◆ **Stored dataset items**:
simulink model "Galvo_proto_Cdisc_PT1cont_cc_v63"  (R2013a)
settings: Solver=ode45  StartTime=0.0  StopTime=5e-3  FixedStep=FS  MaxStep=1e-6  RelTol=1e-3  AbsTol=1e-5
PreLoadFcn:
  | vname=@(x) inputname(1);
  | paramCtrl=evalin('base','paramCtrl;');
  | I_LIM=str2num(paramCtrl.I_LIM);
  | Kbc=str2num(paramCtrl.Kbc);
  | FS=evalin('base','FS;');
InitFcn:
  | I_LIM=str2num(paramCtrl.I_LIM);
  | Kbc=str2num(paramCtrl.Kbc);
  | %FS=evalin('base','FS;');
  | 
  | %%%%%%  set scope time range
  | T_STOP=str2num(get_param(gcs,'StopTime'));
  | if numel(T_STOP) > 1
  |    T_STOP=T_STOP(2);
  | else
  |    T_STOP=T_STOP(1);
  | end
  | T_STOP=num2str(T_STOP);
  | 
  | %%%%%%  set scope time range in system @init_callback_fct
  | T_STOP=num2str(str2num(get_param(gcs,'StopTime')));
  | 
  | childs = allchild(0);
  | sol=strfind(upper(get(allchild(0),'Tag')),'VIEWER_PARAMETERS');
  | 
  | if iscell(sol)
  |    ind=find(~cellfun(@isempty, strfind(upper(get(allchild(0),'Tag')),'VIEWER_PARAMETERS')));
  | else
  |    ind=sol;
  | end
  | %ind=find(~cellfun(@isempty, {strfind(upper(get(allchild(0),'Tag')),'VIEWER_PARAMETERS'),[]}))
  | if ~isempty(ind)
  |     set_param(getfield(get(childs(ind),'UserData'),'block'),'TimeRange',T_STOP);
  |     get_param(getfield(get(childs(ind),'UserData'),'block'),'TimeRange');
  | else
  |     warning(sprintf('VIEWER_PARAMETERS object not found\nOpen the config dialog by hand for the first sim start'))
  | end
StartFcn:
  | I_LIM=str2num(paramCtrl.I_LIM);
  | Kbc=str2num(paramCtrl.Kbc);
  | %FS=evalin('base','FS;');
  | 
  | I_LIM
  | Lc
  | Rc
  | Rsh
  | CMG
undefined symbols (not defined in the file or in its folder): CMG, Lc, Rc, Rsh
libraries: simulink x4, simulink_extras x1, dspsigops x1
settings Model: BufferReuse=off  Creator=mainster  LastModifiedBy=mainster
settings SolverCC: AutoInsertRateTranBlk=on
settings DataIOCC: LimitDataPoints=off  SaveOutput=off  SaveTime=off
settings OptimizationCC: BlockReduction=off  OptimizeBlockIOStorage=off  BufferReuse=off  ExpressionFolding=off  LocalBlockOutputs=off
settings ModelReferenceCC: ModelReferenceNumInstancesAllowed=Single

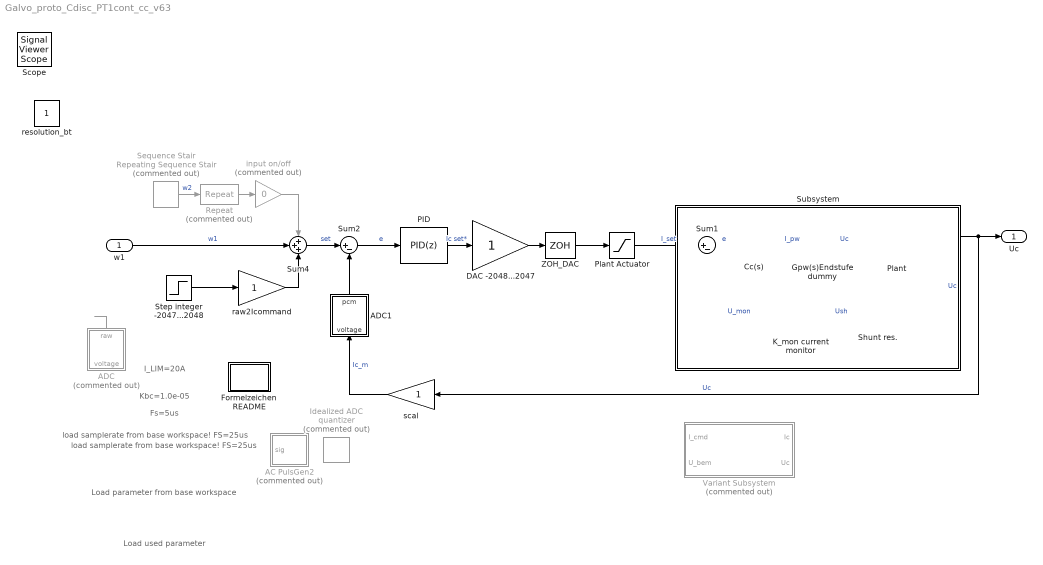
== system Galvo_proto_Cdisc_PT1cont_cc_v63 ==
  note: I_LIM=20A
  note: Kbc=1.0e-05
  note: load samplerate from
      | base workspace!
      | FS=25us
  note: Load parameter from
      | base workspace
  note: Fs=5us
  note: load samplerate from
      | base workspace!
      | FS=25us
  note: Load used parameter
  w1 : Inport  SampleTime=FS
  AC PulsGen2 : Subsystem  Commented=on  mask{sigp=1, sigpp=0, offs=0}
      mask prompts: sigp "Insert signal peak"; sigpp "or signal peak-to-peak"; offs "Insert DC offset"
      mask TypeOptions sigp: PulsGen/Amplitude
      mask Callback sigp:
      | %sigp=get_param([gcb '/PulsGen'],'Amplitude')
      | %SigVal=2*sigp
      mask TypeOptions offs: offset/Value
      mask Display:
      | %str=sprintf('%s',get(gcbh,'ModelName'));
      | port_label('output', 1, '','texmode','off')
      | %text(.05,.98,['{\fontsize{12}\it\bf' strrep(str,'_',' ') '}'],'horizontalAlignment','left','verticalAlignment','top','texmode','on')
      | %text(.5,0.95,['{\fontsize{8}A_{peak}=}'],'horizontalAlignment','center','verticalAlignment','top','texmode','on')
      | disp(sprintf('Up=%.3g\nDC=%.3g',sigp, offs))
      | %disp(['Upp=' sigpp])%, offs))
      | %sprintf('sigpp==%s',sigpp)
      | %text(.15,.05,['{\fontsize{10}\itmechanics}'],'horizontalAlignment','left','verticalAlignment','bottom','texmode','on')
  ADC : Subsystem  Commented=on  mask{bypassVal=-1, resol=12, pass=off}
      mask prompts: resol "resolution [bit]"; pass "bypass ADC"
      mask init:
      | bypass=0;
      mask TypeOptions resol: exp/Value
      mask Callback pass:
      | if strcmpi( get_param(gcb,'pass'),'on')
      |     bypassVal=1;
      | else
      |     bypassVal=0;
      | end
      mask Display:
      | %fprintf('ADC\nGain=%s\n=%i',...
      | %    get_param([gcb '/scale'], 'Gain'),...
      | %    eval( get_param([gcb '/scale'], 'Gain') ));
      | %if bypass
      | 
      | if pass
      |     color('red')
      |     fprintf('bypass\nADC')
      | else
      |     color('black')
      |     fprintf('%i-Bit\nADC',resol)
      | end
  ADC1 : Subsystem  mask{bypass=off}
      mask prompts: bypass "bypass adc"
      mask Callback bypass: %Simulink.Block.eval([gcb '/switch']);
      mask Display:
      | %fprintf('ADC\nGain=%s\n=%i',...
      | %    get_param([gcb '/scale'], 'Gain'),...
      | %    eval( get_param([gcb '/scale'], 'Gain') ));
      | if bypass
      |     color('red')
      |     fprintf('bypass\nADC')
      | else
      |     color('black')
      |     fprintf('ADC')
      | end
  Cc(s) : simulink/Continuous/PID Controller  Controller=P  TimeDomain=Continuous-time  SampleTime=-1  IntegratorMethod=Forward Euler  FilterMethod=Forward Euler  Form=Ideal  P=0.10070221046823  I=1985.39023021624  D=0  N=100  InitialConditionSource=internal  InitialConditionForIntegrator=0  InitialConditionForFilter=0  ExternalReset=none  LimitOutput=on  UpperSaturationLimit=20  LowerSaturationLimit=-20  LinearizeAsGain=on  AntiWindupMode=none  Kb=1  TrackingMode=off  Kt=1  PParamMin=[]  PParamMax=[]  IParamMin=[]  IParamMax=[]  DParamMin=[]  DParamMax=[]  NParamMin=[]  NParamMax=[]  KbParamMin=[]  KbParamMax=[]  KtParamMin=[]  KtParamMax=[]  POutMin=[]  POutMax=[]  IOutMin=[]  IOutMax=[]  DOutMin=[]  DOutMax=[]  NOutMin=[]  NOutMax=[]  KbOutMin=[]  KbOutMax=[]  KtOutMin=[]  KtOutMax=[]  IntegratorOutMin=[]  IntegratorOutMax=[]  FilterOutMin=[]  FilterOutMax=[]  SumOutMin=[]  SumOutMax=[]  SumI1OutMin=[]  SumI1OutMax=[]  SumI2OutMin=[]  SumI2OutMax=[]  SumI3OutMin=[]  SumI3OutMax=[]  SumDOutMin=[]  SumDOutMax=[]  SaturationOutMin=[]  SaturationOutMax=[]  IntegratorContinuousStateAttributes=''  IntegratorStateMustResolveToSignalObject=off  IntegratorRTWStateStorageClass=Auto  FilterContinuousStateAttributes=''  FilterStateMustResolveToSignalObject=off  FilterRTWStateStorageClass=Auto
      settings: AttributesFormatString=P = %<P>
  DAC -2048...2047 : Gain  SampleTime=FS
  Formelzeichen README : Subsystem
  Gpw(s)Endstufe dummy : Gain
  Idealized ADC quantizer : simulink_extras/Additional Discrete/Idealized ADC quantizer  Commented=on  NumberOfConverterBits=16  Vmin=-0.5  Vmax=0.5  OutputDataType=int16  OutputNegativeValues=on
  K_mon current monitor : Gain  Gain=CMG
  PID : simulink/Continuous/PID Controller  Controller=PID  TimeDomain=Discrete-time  SampleTime=FS  IntegratorMethod=Forward Euler  FilterMethod=Forward Euler  Form=Ideal  P=4307.49635546069  I=91281.7891669235  D=0  N=100  InitialConditionSource=internal  InitialConditionForIntegrator=0  InitialConditionForFilter=0  ExternalReset=none  IgnoreLimit=on  LimitOutput=on  UpperSaturationLimit=20  LowerSaturationLimit=-20  LinearizeAsGain=off  AntiWindupMode=back-calculation  Kb=0.1  TrackingMode=off  Kt=0  PParamMin=[]  PParamMax=[]  IParamMin=[]  IParamMax=[]  DParamMin=[]  DParamMax=[]  NParamMin=[]  NParamMax=[]  KbParamMin=[]  KbParamMax=[]  KtParamMin=[]  KtParamMax=[]  POutMin=[]  POutMax=[]  IOutMin=[]  IOutMax=[]  DOutMin=[]  DOutMax=[]  NOutMin=[]  NOutMax=[]  KbOutMin=[]  KbOutMax=[]  KtOutMin=[]  KtOutMax=[]  IntegratorOutMin=[]  IntegratorOutMax=[]  FilterOutMin=[]  FilterOutMax=[]  SumOutMin=[]  SumOutMax=[]  SumI1OutMin=[]  SumI1OutMax=[]  SumI2OutMin=[]  SumI2OutMax=[]  SumI3OutMin=[]  SumI3OutMax=[]  SumDOutMin=[]  SumDOutMax=[]  SaturationOutMin=[]  SaturationOutMax=[]  IntegratorContinuousStateAttributes=''  IntegratorStateMustResolveToSignalObject=off  IntegratorRTWStateStorageClass=Auto  FilterContinuousStateAttributes=''  FilterStateMustResolveToSignalObject=off  FilterRTWStateStorageClass=Auto
      settings: AttributesFormatString=AWM=%<AntiWindupMode>\nD=%<D>\nI=%<I>\nN=%<N>\nP=%<P>\nLimit=+-%<UpperSaturationLimit>
  Plant : Subsystem  Variant=on  OverrideUsingVariant=Variant_LR
  Plant Actuator : Saturate  UpperLimit=I_LIM  LowerLimit=-I_LIM  SampleTime=FS
      settings: AttributesFormatString=I_lim+: %<UpperLimit>\nI_lim-: %<LowerLimit>
  Repeat : dspsigops/Repeat  Commented=on  N=length(str2num(get_param([gcs '/Sequence Stair'], 'OutValues')))  InputProcessing=Columns as channels (frame based)  RateOptions=Allow multirate processing  ic=0  mode=Unused parameter value
  Sequence Stair : simulink/Sources/Repeating Sequence Stair  Commented=on  OutValues="pi/180*[-10     0    14     3    12     9     3    -9     6 1 2   -15     5     6     8    14    17].'"  tsamp=(str2num(get_param(gcs,'StopTime')) / length(str2num(get_param([gcs '/Sequence Stair'], 'OutValues'))))  OutMin=[]  OutMax=[]  OutDataTypeStr=double  OutputDataTypeScalingMode=double  OutDataType=fixdt(0,8)  ConRadixGroup=Best Precision: Vector-wise  OutScaling=2^-12
  Shunt res. : Gain
  Step integer -2047...2048 : Step  Time=1e-3  SampleTime=FS  ZeroCross=off
      settings: AttributesFormatString=Ampl.: %<After>\ntime:%<Time>
  Subsystem : Subsystem
      mask Display: text(.05,.90,['{\fontsize{13}\it\bfCurrent Compensator}'],'horizontalAlignment','left','verticalAlignment','bottom','texmode','on')
  Sum1 : Sum  Inputs=|+-
  Sum2 : Sum  Inputs=|+-  SampleTime=FS
  Sum4 : Sum  Inputs=+++  SampleTime=FS
  Variant Subsystem : Subsystem  Commented=on  Variant=on  OverrideUsingVariant=Gv_CCmod
  ZOH_DAC : ZeroOrderHold  SampleTime=FS
  input on/off : Gain  Commented=on  Gain=0  SampleTime=FS
  raw2Icommand : Gain  SampleTime=FS
  scal : Gain  SampleTime=FS
  Uc : Outport  SampleTime=FS
  Scope : SignalViewerScope  IOType=viewer  NumInputPorts=7  LegendLocations=|  RefreshTime=0.033391
      | 0.86298     0.93763    0.099588    0.037818
      | 0.82246     0.78623      0.1408    0.037818
      | 0.83001     0.65035    0.083104    0.021231
      | 0.83001     0.51553     0.13255    0.021231
      | 0.85474     0.39729     0.20673    0.037818
      | 0.85474     0.26247    0.091346    0.021231
      |       0           0           0           0
      settings: ShowLegends=on  TimeRange=0.025  YMin=0~0~-2~0~0~0~-5  YMax=5~7~5~20~20~0.15~5
  resolution_bt : Constant  IOType=siggen
  wires:
  w1/1 -> Sum4/2  "w1"
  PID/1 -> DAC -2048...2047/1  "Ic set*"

◆ **Exercise**:
In the data shown above, how many lines hold the string "allchild"? The answer is the number alone.

◆ **Result**:
4